Default engine="gpu"#
.collect(engine="gpu") (and engine=pl.GPUEngine()) is the API you invoke when you don’t
construct a streaming engine explicitly. It runs the same streaming executor as the explicit
engines (Ray, Dask, SPMD), conceptually similar to
Polars’ own streaming engine but on the
GPU. Under the hood it’s backed by DefaultSingletonEngine,
a process-wide singleton specialization of SPMDEngine. At most one live
instance exists per process, which is created lazily on first use and torn down at interpreter
exit. Ray is the showcased explicit engine (see Usage); this page documents what
engine="gpu" does without you having to construct anything.
Important
engine="gpu" is meant for trivial setup: single-GPU execution with no
configuration or engine object to manage.
For any non-trivial workflow, construct an engine explicitly. To tune
options, use
RayEngine.from_options(...).
engine="gpu" accepts no options, so settings such as
spill_to_pinned_memory=True for spill-heavy workloads require an
explicit engine. See Usage and Configuration Options.
What you get without an explicit engine#
When you just write:
import polars as pl
result = (
pl.scan_parquet("/data/*.parquet")
.group_by("customer_id")
.agg(pl.col("amount").sum())
.collect(engine="gpu")
)
cudf-polars uses
DefaultSingletonEngine
under the hood. No cluster is set up, the rapidsmpf Context is bootstrapped on first use,
and subsequent .collect() calls in the same process reuse it.
Explicit handle#
If you genuinely want the singleton (for example in tests or scripts that need to call
.shutdown() deterministically) you can obtain it via the factory:
from cudf_polars.engine.default_singleton_engine import (
DefaultSingletonEngine,
)
engine = DefaultSingletonEngine.get_or_create()
result = query.collect(engine=engine)
get_or_create() is idempotent: calling it again returns the same instance.
For anything beyond defaults, prefer an explicit engine. See Usage.
Lifecycle#
The singleton is bootstrapped once per process. The rapidsmpf Context, RMM adaptor, and
Python thread-pool executor are reused across every .collect() call.
Shutdown is automatic: the engine registers an atexit hook that tears it down at interpreter
exit. To shut it down explicitly (for example to release resources before constructing a
multi-GPU engine), call the static method:
from cudf_polars.engine.default_singleton_engine import (
DefaultSingletonEngine,
)
DefaultSingletonEngine.shutdown()
shutdown() is idempotent (calling it twice is safe) and a no-op if no live engine exists.

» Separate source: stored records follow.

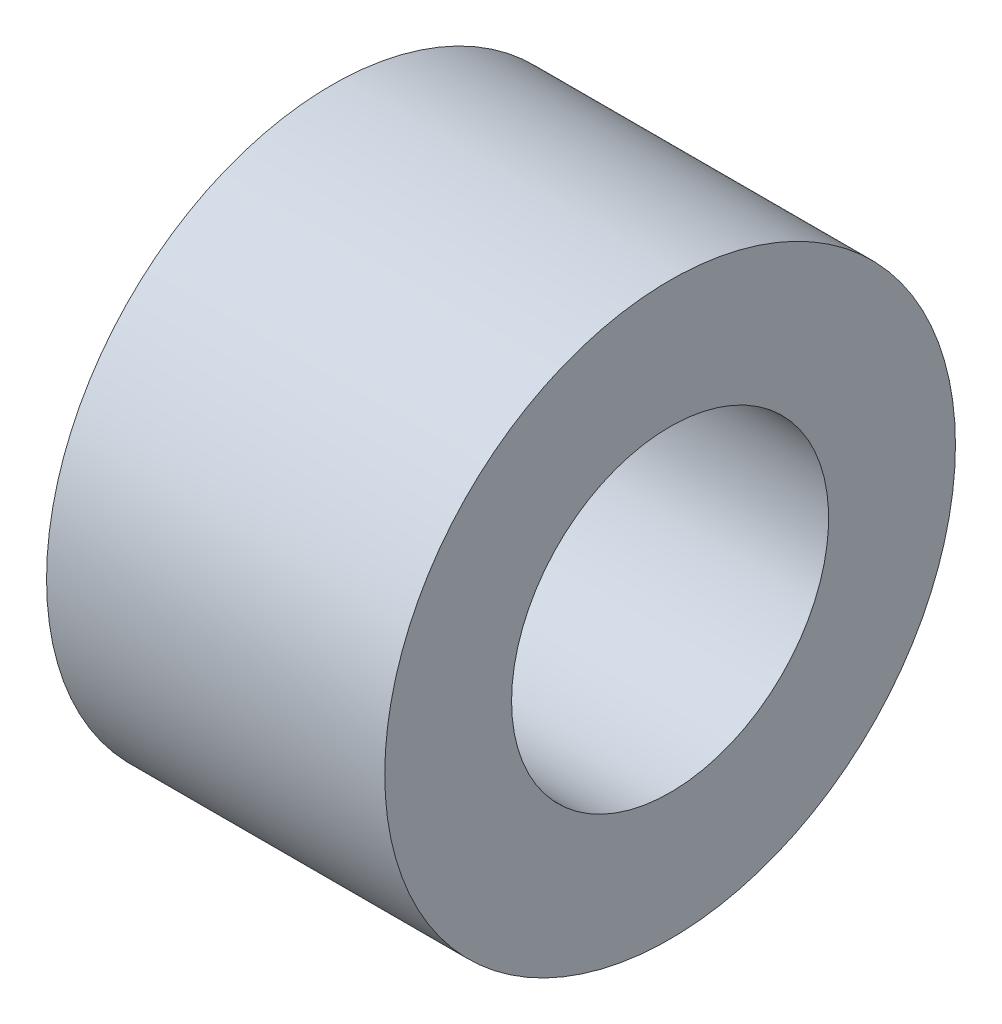
SolidWorks part; units mm, degrees
material "Резина"
ref_plane "Спереди" through (0, 0, 0) normal (0, 0, 1) x (1, 0, 0)
ref_plane "Сверху" through (0, 0, 0) normal (0, 1, 0) x (1, 0, 0)
ref_plane "Справа" through (0, 0, 0) normal (1, 0, 0) x (0, 0, -1)
sketch "Эскиз1" plane through (0, 0, 0) normal (0, 0, 1) x (1, 0, 0)
  line L0 (0, 37.5) -> (80, 37.5)
  line L1 (0, 0) -> (80, 0) construction
  line L2 (0, 37.5) -> (0, 67.5)
  line L3 (0, 67.5) -> (80, 67.5)
  line L4 (80, 37.5) -> (80, 67.5)
  dimension "D1" = 80
  dimension "D2" = 67.5
  dimension "D3" = 75
revolve "Повернуть1" add sketch "Эскиз1" angle 360 about L1
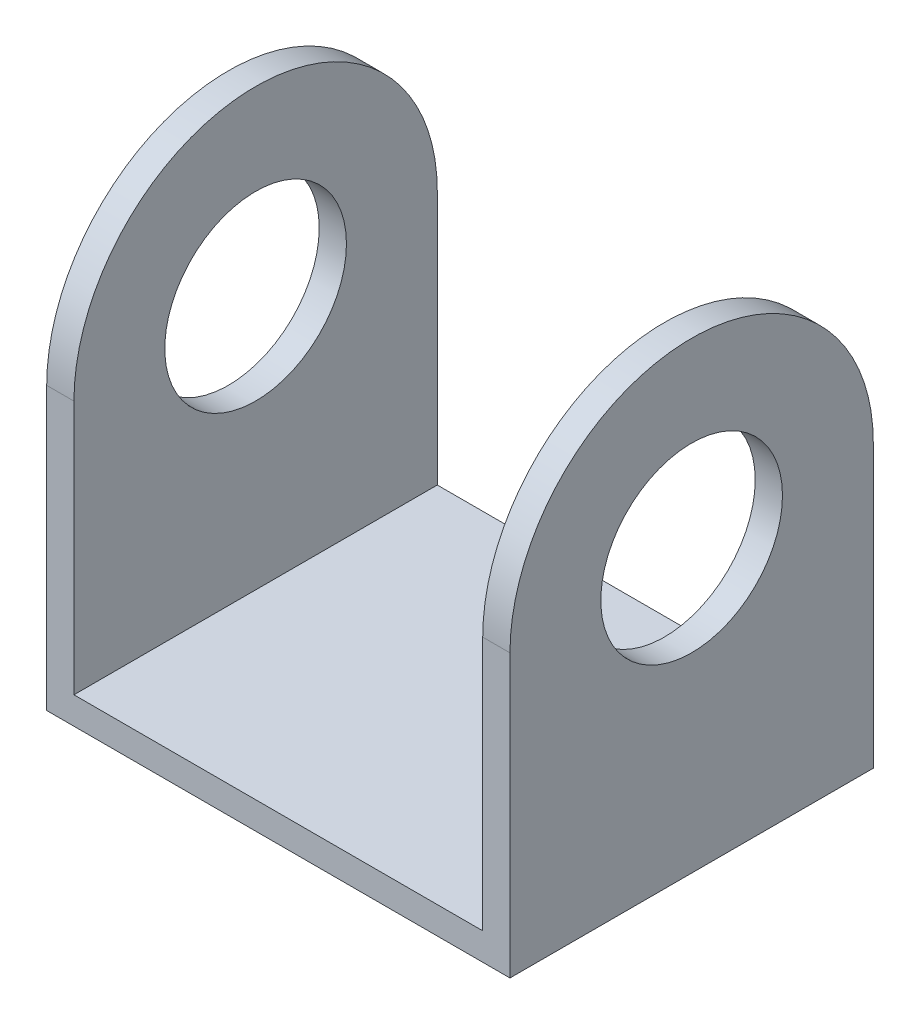
SolidWorks part; units mm, degrees
ref_plane "정면" through (0, 0, 0) normal (0, 0, 1) x (1, 0, 0)
ref_plane "윗면" through (0, 0, 0) normal (0, 1, 0) x (1, 0, 0)
ref_plane "우측면" through (0, 0, 0) normal (1, 0, 0) x (0, 0, -1)
sketch "스케치1" plane through (0, 0, 0) normal (1, 0, 0) x (0, 0, -1)
  line L0 (-20, 0) -> (20, 0)
  line L1 (20, 0) -> (20, 3)
  line L2 (20, 3) -> (-20, 3)
  line L3 (-20, 3) -> (-20, 0)
  point P4 (0, 0)
  dimension "D1" = 40
  dimension "D2" = 3
extrude "보스-돌출1" add sketch "스케치1" along normal mid plane 45
sketch "스케치2" plane through (22.5, 0, 0) normal (1, 0, 0) x (0, 0, -1)
  line L0 (-20, 31) -> (-20, 0)
  line L1 (-20, 0) -> (20, 0)
  line L2 (20, 0) -> (20, 31)
  arc A0 (20, 31) -> (-20, 31) centre (0, 31) ccw
  circle A1 centre (0, 31) radius 10
  dimension "D1" = 31
  dimension "D2" = 20
extrude "보스-돌출2" add sketch "스케치2" along normal blind 3
mirror "대칭 복사1" about plane through (0, 0, 0) normal (1, 0, 0) of "보스-돌출2"
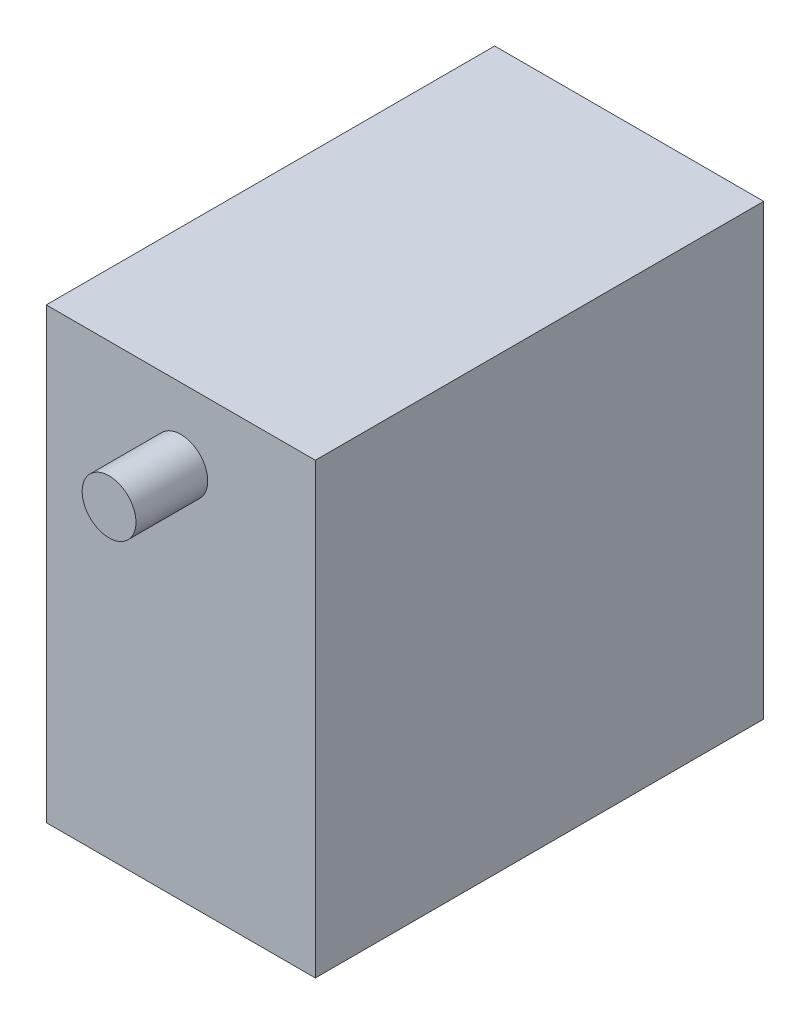
SolidWorks part; units mm, degrees
ref_plane "前视基准面" through (0, 0, 0) normal (0, 0, 1) x (1, 0, 0)
ref_plane "上视基准面" through (0, 0, 0) normal (0, 1, 0) x (1, 0, 0)
ref_plane "右视基准面" through (0, 0, 0) normal (1, 0, 0) x (0, 0, -1)
sketch "草图1" plane through (0, 0, 0) normal (0, 0, 1) x (1, 0, 0)
  line L1 (-15, -25) -> (15, -25)
  line L2 (-15, -25) -> (-15, 25)
  line L3 (-15, 25) -> (15, 25)
  line L4 (15, -25) -> (15, 25)
  line L5 (-15, -25) -> (15, 25) construction
  line L6 (-15, 25) -> (15, -25) construction
  point P0 (0, 0)
  dimension "D1" = 30
  dimension "D2" = 50
extrude "凸台-拉伸1" add sketch "草图1" along normal blind 50
sketch "草图2" plane through (0, 0, 50) normal (0, 0, 1) x (1, 0, 0)
  line L0 (0, 25) -> (0, -25) construction
  line L1 (15, 25) -> (-15, 25) construction
  line L2 (-15, -25) -> (15, -25) construction
  circle A0 centre (0, 17) radius 3
  dimension "D1" = 6
  dimension "D2" = 8
extrude "凸台-拉伸2" add sketch "草图2" along normal blind 8
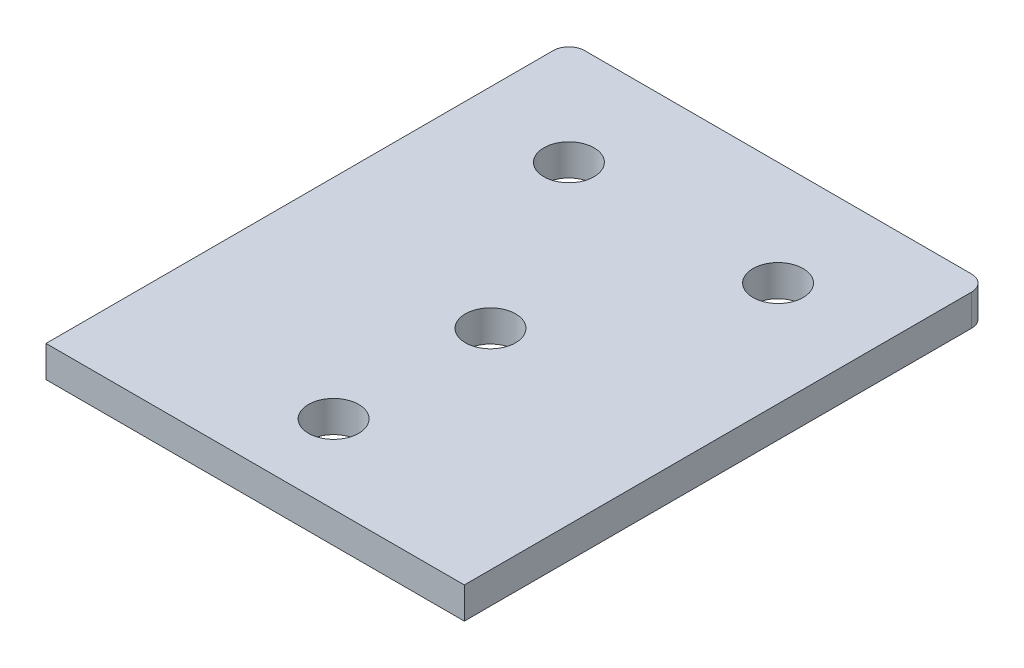
SolidWorks part; units mm, degrees
material "ABS"
ref_plane "Front Plane" through (0, 0, 0) normal (0, 0, 1) x (1, 0, 0)
ref_plane "Top Plane" through (0, 0, 0) normal (0, 1, 0) x (1, 0, 0)
ref_plane "Right Plane" through (0, 0, 0) normal (1, 0, 0) x (0, 0, -1)
sketch "Sketch1" plane through (0, 0, 0) normal (0, 1, 0) x (1, 0, 0)
  line L89 (-18.5, 10) -> (18.5, 10)
  line L90 (-20, 8.5) -> (-20, -40)
  line L91 (-20, -40) -> (20, -40)
  line L92 (20, 8.5) -> (20, -40)
  circle A0 centre (-10, 0) radius 2.4
  circle A1 centre (10, 0) radius 2.4
  arc A88 (-18.5, 10) -> (-20, 8.5) centre (-18.5, 8.5) ccw
  arc A89 (18.5, 10) -> (20, 8.5) centre (18.5, 8.5) cw
  circle A90 centre (0, -32.5) radius 2.4
  circle A91 centre (0, -17.5) radius 2.4
  point P1 (0, 0)
  point P8 (20, 10)
  dimension "D4" = 10
  dimension "D7" = 1.5
  dimension "D8" = 1.5
  dimension "D9" = 4.8
  dimension "D1" = 20
  dimension "D2" = 10
  dimension "D3" = 10
  dimension "D5" = 40
  dimension "D6" = 50
  dimension "D10" = 7.5
  dimension "D11" = 15
extrude "Boss-Extrude1" add sketch "Sketch1" along normal blind 3
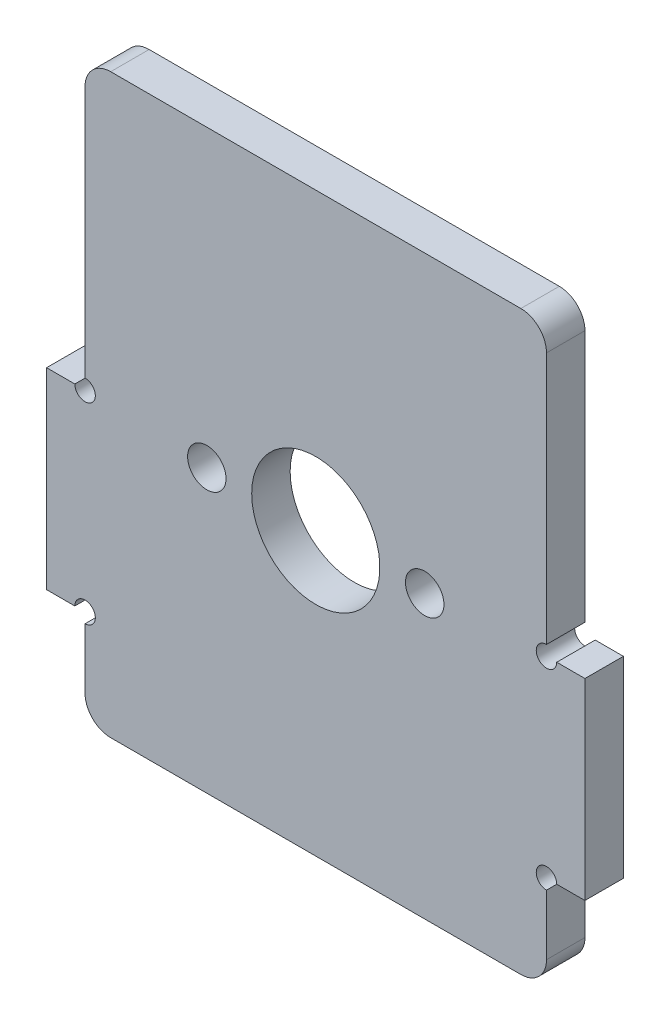
SolidWorks part; units mm, degrees
material "Thornel Mat VMA"
ref_plane "Front Plane" through (0, 0, 0) normal (0, 0, 1) x (1, 0, 0)
ref_plane "Top Plane" through (0, 0, 0) normal (0, 1, 0) x (1, 0, 0)
ref_plane "Right Plane" through (0, 0, 0) normal (1, 0, 0) x (0, 0, -1)
sketch "Sketch1" plane through (0, 0, 0) normal (0, 0, 1) x (1, 0, 0)
  line L0 (0, 0) -> (0, 15) construction
  line L1 (-18, -15) -> (18, -15)
  line L2 (-18, -15) -> (-18, 15)
  line L3 (-18, 15) -> (18, 15)
  line L4 (18, -15) -> (18, 15)
  line L5 (-18, -15) -> (18, 15) construction
  line L6 (-18, 15) -> (18, -15) construction
  line L7 (-21, -7.5) -> (-15, -7.5)
  line L8 (-21, -7.5) -> (-21, 7.5)
  line L9 (-21, 7.5) -> (-15, 7.5)
  line L10 (-15, -7.5) -> (-15, 7.5)
  line L11 (-21, -7.5) -> (-15, 7.5) construction
  line L12 (-21, 7.5) -> (-15, -7.5) construction
  line L13 (21, 7.5) -> (15, -7.5) construction
  line L14 (21, -7.5) -> (15, 7.5) construction
  line L15 (15, -7.5) -> (15, 7.5)
  line L16 (21, 7.5) -> (15, 7.5)
  line L17 (21, -7.5) -> (21, 7.5)
  line L18 (21, -7.5) -> (15, -7.5)
  point P0 (0, 0)
  point P6 (-18, 0)
  point P17 (18, 0)
  dimension "D1" = 36
  dimension "D2" = 30
  dimension "D3" = 6
  dimension "D4" = 15
extrude "Boss-Extrude1" add sketch "Sketch1" along normal blind 3 contours L4 L18 L15 L16 L3 L2 L9 L10 L7 L1 | L9 L8 L7 L2 | L7 L10 L9 L2 | L18 L17 L16 L4 | L18 L4 L16 L15
sketch "Sketch3" plane through (0, 0, 0) normal (0, 0, -1) x (-1, 0, 0)
  line L0 (18, 7.5) -> (18, 15) construction
  line L1 (-18, 15) -> (18, 15)
  line L2 (-18, 15) -> (-18, 30)
  line L3 (-18, 30) -> (18, 30)
  line L4 (18, 15) -> (18, 30)
  dimension "D1" = 15
extrude "Boss-Extrude2" add sketch "Sketch3" against normal up to surface (3 mm away) up to face at (0, 0, 3)
sketch "Sketch4" plane through (0, 0, 0) normal (0, 0, -1) x (-1, 0, 0)
  line L0 (0, 30) -> (0, 7) construction
  line L1 (18, 30) -> (-18, 30) construction
  line L2 (0, 7) -> (-8.5, 7) construction
  circle A0 centre (0, 7) radius 5
  circle A1 centre (-8.5, 7) radius 1.5
  circle A2 centre (8.5, 7) radius 1.5
  dimension "D2" = 10
  dimension "D3" = 3
  dimension "D4" = 17
  dimension "D1" = 23
extrude "Cut-Extrude1" cut sketch "Sketch4" against normal through all
sketch "Sketch5" plane through (0, 0, 0) normal (0, 0, -1) x (-1, 0, 0)
  circle A0 centre (-18, 7.5) radius 0.8
  circle A1 centre (-18, -7.5) radius 0.8
  circle A2 centre (18, 7.5) radius 0.8
  circle A3 centre (18, -7.5) radius 0.8
  dimension "D1" = 1.6
extrude "Cut-Extrude2" cut sketch "Sketch5" against normal through all
fillet "Fillet1" radius 2 4 edges at (18, -15, 1.5) (-18, -15, 1.5) (-18, 30, 1.5) (18, 30, 1.5)

Mutual exclusion with explicit engines#
DefaultSingletonEngine, RayEngine,
DaskEngine, and
SPMDEngine cannot coexist in the same
process. Concretely:
Constructing
RayEngine/DaskEngine/SPMDEnginewhile the singleton is alive raisesRuntimeError.DefaultSingletonEngine.get_or_create()raisesRuntimeErrorif any explicit streaming engine is alive.
Recommended pattern: pick one engine for the lifetime of the program. If you need to switch, shut down the active engine first:
DefaultSingletonEngine.shutdown()
explicit_engine = SPMDEngine.from_options(opts)
No options#
DefaultSingletonEngine.get_or_create() takes no arguments. To tune StreamingOptions such
as spill_to_pinned_memory, fallback_mode, max_rows_per_partition, or any rapidsmpf
runtime knob, construct an explicit
RayEngine via
RayEngine.from_options(...).
See Configuration Options for the available fields.